Data to examine »
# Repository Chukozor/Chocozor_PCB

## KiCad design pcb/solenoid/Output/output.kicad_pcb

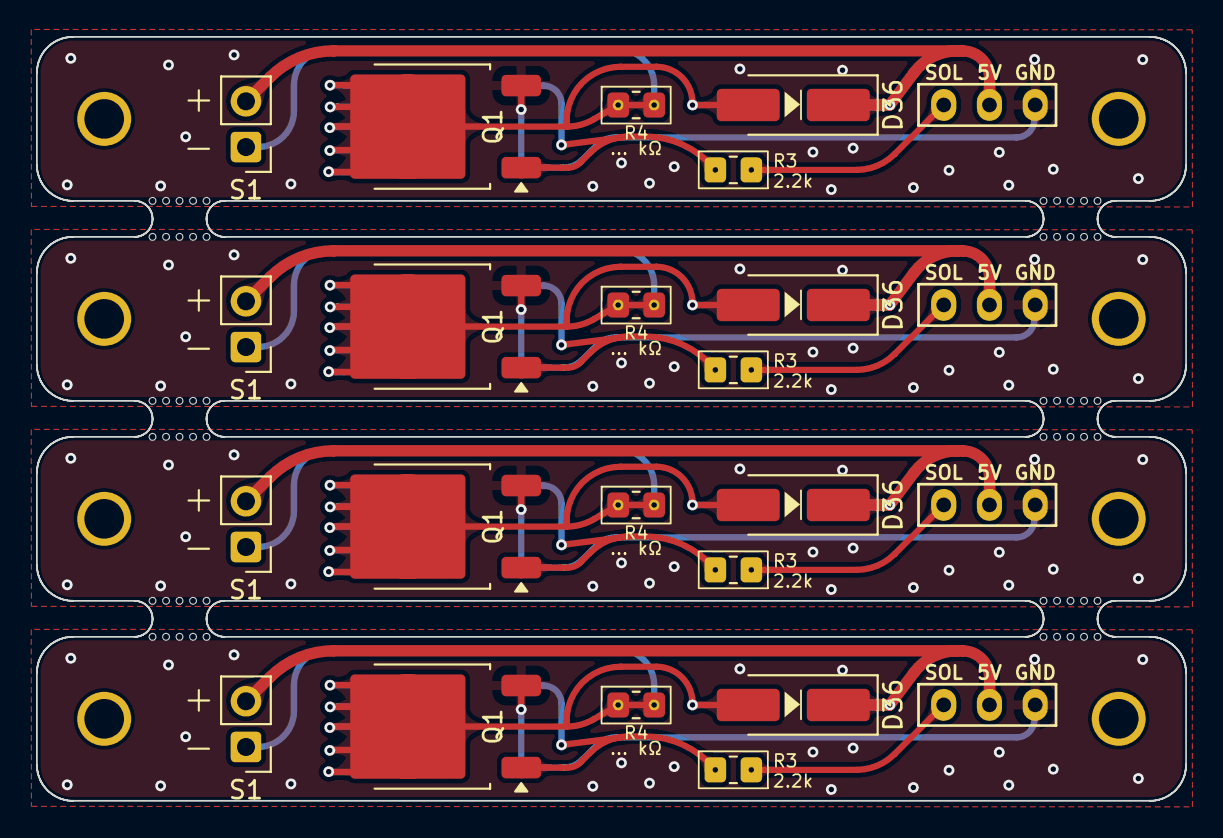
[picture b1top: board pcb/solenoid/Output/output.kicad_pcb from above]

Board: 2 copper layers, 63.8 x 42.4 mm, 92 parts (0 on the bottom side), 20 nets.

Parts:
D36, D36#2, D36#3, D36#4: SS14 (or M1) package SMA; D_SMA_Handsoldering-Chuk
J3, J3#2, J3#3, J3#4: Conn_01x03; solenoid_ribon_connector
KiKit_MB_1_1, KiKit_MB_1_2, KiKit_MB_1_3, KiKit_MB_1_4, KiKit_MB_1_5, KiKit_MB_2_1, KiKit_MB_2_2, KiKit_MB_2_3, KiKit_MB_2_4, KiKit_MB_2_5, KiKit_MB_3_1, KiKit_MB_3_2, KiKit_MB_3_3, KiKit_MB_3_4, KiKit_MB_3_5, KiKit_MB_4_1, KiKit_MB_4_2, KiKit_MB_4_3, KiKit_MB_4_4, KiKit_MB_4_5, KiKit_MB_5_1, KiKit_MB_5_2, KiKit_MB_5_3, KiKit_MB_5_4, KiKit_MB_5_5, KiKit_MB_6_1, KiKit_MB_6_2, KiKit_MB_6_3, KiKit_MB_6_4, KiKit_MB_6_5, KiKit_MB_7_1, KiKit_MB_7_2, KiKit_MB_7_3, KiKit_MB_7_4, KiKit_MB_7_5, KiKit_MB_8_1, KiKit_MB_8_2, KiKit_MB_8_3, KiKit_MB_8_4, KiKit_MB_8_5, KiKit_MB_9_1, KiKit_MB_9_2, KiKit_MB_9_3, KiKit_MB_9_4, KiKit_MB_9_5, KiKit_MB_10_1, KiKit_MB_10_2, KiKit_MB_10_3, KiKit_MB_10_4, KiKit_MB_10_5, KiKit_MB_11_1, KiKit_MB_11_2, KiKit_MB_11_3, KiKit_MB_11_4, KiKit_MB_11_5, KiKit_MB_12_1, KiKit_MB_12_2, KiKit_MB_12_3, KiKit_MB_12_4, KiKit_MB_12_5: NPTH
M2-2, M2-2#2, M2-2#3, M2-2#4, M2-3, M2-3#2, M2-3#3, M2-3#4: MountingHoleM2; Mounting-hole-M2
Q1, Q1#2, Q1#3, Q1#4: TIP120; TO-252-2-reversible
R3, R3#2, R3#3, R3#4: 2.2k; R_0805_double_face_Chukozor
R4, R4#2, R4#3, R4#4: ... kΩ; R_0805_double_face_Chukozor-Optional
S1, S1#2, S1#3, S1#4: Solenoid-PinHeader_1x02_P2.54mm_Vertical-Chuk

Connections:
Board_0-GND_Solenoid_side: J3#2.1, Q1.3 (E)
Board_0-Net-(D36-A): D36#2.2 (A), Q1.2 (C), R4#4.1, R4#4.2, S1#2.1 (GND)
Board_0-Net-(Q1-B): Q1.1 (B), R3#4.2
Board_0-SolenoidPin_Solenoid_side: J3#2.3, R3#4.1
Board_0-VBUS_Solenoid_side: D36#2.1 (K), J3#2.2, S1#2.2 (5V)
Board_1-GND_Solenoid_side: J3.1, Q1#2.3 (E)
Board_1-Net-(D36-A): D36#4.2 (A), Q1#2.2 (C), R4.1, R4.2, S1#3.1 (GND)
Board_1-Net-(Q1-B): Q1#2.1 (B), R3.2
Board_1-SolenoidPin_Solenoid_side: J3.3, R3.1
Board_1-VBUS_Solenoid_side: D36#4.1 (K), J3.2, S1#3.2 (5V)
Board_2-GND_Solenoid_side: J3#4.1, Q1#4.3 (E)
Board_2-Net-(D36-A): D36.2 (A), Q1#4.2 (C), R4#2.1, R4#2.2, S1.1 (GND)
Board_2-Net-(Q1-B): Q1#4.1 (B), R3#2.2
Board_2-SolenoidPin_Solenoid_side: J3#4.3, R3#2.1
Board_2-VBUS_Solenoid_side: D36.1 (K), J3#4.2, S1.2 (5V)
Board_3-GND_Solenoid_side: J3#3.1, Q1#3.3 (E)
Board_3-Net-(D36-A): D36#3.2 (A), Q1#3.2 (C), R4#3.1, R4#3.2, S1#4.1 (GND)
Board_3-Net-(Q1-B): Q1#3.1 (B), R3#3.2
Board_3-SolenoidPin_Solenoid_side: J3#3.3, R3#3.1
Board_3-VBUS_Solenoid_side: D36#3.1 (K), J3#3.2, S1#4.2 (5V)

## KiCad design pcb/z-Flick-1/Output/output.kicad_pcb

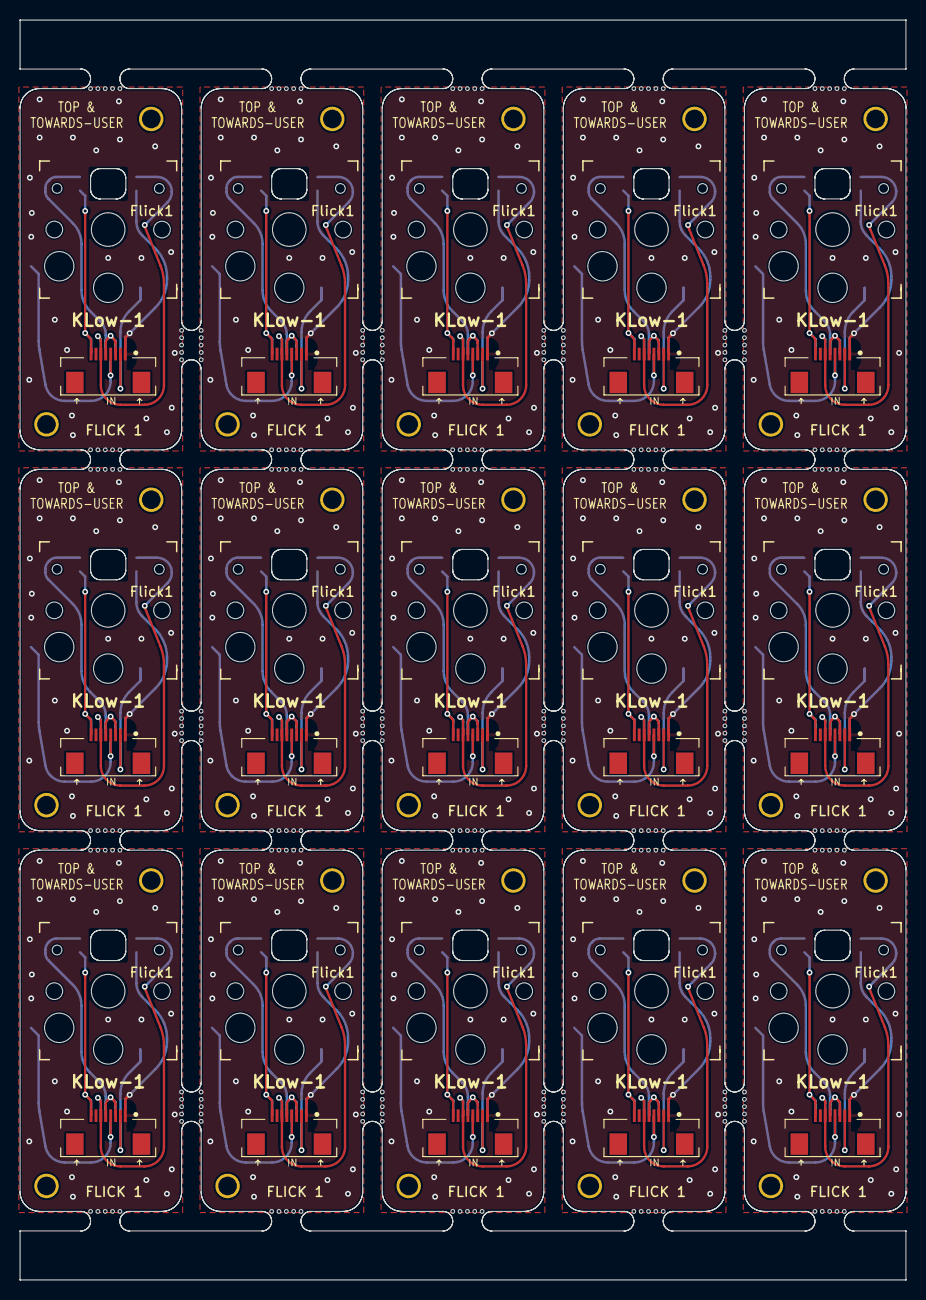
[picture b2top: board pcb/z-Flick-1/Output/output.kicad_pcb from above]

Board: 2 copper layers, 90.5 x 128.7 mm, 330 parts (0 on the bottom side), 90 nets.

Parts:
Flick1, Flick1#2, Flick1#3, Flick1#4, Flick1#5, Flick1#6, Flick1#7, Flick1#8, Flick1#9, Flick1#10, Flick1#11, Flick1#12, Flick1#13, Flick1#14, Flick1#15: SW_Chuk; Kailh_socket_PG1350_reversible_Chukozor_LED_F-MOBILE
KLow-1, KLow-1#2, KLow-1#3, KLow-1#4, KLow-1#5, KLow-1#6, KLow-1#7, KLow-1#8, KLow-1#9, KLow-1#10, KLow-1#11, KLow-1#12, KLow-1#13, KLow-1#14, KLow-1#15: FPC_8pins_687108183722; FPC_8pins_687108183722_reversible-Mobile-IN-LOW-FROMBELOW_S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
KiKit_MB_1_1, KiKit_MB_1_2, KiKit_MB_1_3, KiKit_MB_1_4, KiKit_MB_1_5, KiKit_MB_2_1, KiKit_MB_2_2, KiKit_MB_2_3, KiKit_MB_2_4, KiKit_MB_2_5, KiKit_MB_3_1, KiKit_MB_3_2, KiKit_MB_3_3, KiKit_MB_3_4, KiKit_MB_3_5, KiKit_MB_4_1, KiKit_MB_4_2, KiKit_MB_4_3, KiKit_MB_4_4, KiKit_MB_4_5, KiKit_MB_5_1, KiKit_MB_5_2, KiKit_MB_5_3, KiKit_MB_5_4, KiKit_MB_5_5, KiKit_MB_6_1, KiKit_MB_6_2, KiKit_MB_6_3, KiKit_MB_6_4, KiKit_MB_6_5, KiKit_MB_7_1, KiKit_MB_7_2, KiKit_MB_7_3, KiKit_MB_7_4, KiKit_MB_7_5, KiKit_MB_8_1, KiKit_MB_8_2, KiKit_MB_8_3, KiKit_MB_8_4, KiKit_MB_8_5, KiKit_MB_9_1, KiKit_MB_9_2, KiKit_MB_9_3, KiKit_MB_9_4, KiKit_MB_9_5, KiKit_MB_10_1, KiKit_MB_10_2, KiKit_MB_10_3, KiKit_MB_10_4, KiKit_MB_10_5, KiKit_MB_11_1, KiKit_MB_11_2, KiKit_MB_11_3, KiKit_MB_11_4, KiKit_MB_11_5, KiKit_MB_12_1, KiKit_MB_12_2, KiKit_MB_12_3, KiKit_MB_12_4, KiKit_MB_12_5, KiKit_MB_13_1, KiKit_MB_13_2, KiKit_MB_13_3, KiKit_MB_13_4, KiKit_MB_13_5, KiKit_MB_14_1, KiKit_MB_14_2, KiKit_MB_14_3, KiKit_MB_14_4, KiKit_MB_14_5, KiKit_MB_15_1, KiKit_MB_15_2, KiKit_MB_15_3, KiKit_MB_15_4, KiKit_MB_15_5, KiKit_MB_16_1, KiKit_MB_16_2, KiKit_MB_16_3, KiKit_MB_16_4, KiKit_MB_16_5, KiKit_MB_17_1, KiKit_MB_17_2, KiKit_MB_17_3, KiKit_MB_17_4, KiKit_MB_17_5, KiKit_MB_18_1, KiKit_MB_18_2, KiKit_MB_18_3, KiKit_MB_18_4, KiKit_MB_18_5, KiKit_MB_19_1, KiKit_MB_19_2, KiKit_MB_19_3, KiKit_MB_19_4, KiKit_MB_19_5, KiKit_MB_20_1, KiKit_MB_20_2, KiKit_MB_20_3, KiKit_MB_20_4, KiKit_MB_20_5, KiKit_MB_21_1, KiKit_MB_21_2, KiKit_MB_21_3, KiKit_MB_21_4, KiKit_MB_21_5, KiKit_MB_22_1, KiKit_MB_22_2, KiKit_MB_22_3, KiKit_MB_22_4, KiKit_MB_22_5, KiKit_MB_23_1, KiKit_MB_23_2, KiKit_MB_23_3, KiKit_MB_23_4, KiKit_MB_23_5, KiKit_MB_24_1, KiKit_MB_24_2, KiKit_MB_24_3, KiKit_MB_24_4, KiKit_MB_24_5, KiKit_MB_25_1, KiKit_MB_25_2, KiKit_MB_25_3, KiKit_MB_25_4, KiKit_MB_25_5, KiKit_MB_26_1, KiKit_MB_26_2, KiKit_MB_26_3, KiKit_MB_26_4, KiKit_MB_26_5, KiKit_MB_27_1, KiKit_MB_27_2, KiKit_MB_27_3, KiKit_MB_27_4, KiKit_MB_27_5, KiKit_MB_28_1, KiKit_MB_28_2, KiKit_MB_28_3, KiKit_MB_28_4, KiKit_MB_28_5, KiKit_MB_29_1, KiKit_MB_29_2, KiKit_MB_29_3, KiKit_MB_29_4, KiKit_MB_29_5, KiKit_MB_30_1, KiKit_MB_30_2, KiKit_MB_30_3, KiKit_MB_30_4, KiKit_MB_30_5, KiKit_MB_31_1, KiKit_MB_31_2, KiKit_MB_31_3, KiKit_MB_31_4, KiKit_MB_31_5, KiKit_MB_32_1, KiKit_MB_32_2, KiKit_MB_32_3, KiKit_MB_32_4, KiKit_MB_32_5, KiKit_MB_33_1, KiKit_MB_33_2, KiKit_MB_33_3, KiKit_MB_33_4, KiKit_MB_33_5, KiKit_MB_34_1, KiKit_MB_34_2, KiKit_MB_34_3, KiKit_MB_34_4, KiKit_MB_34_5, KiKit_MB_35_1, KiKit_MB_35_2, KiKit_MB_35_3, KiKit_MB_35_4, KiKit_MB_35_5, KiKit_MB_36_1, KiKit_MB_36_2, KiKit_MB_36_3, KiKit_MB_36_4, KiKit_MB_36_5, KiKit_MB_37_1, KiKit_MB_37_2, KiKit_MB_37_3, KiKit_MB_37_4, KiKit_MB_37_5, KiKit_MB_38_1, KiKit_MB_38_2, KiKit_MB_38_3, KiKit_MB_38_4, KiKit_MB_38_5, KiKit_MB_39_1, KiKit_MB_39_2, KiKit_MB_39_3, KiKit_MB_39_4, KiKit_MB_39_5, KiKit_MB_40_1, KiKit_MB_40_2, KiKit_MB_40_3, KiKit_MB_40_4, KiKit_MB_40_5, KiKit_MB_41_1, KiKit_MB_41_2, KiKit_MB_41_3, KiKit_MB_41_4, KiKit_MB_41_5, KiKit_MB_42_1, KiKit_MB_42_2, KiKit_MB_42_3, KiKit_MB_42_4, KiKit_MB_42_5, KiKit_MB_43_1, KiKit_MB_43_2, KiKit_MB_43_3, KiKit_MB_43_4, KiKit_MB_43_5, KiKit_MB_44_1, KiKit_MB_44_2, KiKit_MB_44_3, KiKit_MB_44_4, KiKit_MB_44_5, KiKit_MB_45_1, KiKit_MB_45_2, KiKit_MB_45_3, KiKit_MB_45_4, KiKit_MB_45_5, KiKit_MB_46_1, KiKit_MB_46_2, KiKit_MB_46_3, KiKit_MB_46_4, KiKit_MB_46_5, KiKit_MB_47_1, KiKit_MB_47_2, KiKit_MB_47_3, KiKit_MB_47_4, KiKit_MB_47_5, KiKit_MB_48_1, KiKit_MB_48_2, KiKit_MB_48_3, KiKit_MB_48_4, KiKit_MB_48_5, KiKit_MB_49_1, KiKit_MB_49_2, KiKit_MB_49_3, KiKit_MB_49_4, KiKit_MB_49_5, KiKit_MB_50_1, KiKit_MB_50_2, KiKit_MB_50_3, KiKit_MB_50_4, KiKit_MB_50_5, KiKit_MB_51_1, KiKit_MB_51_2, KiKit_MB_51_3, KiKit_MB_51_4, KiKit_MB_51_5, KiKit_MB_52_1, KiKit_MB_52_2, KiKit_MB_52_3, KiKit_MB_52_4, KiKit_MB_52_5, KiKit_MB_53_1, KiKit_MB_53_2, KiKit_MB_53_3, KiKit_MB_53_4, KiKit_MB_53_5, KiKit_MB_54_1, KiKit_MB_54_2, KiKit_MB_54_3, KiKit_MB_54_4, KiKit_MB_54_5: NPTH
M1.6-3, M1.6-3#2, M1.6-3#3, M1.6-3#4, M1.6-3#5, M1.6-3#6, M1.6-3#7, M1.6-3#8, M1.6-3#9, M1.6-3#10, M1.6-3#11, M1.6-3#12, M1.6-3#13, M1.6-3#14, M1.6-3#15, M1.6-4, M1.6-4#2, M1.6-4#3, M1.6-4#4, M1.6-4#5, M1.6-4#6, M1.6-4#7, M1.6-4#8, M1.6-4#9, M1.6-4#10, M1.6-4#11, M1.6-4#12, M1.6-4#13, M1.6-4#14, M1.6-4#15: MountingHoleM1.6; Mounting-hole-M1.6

Your assignment » Using the records above, restate word for word the lines from the one with "Board_0-Net-(Q1-B): Q1.1 (B), R3#4.2" through the one with "Board_2-VBUS_Solenoid_side: D36.1 (K), J3#4.2, S1.2", both included.

Task response »
Board_0-Net-(Q1-B): Q1.1 (B), R3#4.2
Board_0-SolenoidPin_Solenoid_side: J3#2.3, R3#4.1
Board_0-VBUS_Solenoid_side: D36#2.1 (K), J3#2.2, S1#2.2 (5V)
Board_1-GND_Solenoid_side: J3.1, Q1#2.3 (E)
Board_1-Net-(D36-A): D36#4.2 (A), Q1#2.2 (C), R4.1, R4.2, S1#3.1 (GND)
Board_1-Net-(Q1-B): Q1#2.1 (B), R3.2
Board_1-SolenoidPin_Solenoid_side: J3.3, R3.1
Board_1-VBUS_Solenoid_side: D36#4.1 (K), J3.2, S1#3.2 (5V)
Board_2-GND_Solenoid_side: J3#4.1, Q1#4.3 (E)
Board_2-Net-(D36-A): D36.2 (A), Q1#4.2 (C), R4#2.1, R4#2.2, S1.1 (GND)
Board_2-Net-(Q1-B): Q1#4.1 (B), R3#2.2
Board_2-SolenoidPin_Solenoid_side: J3#4.3, R3#2.1
Board_2-VBUS_Solenoid_side: D36.1 (K), J3#4.2, S1.2 (5V)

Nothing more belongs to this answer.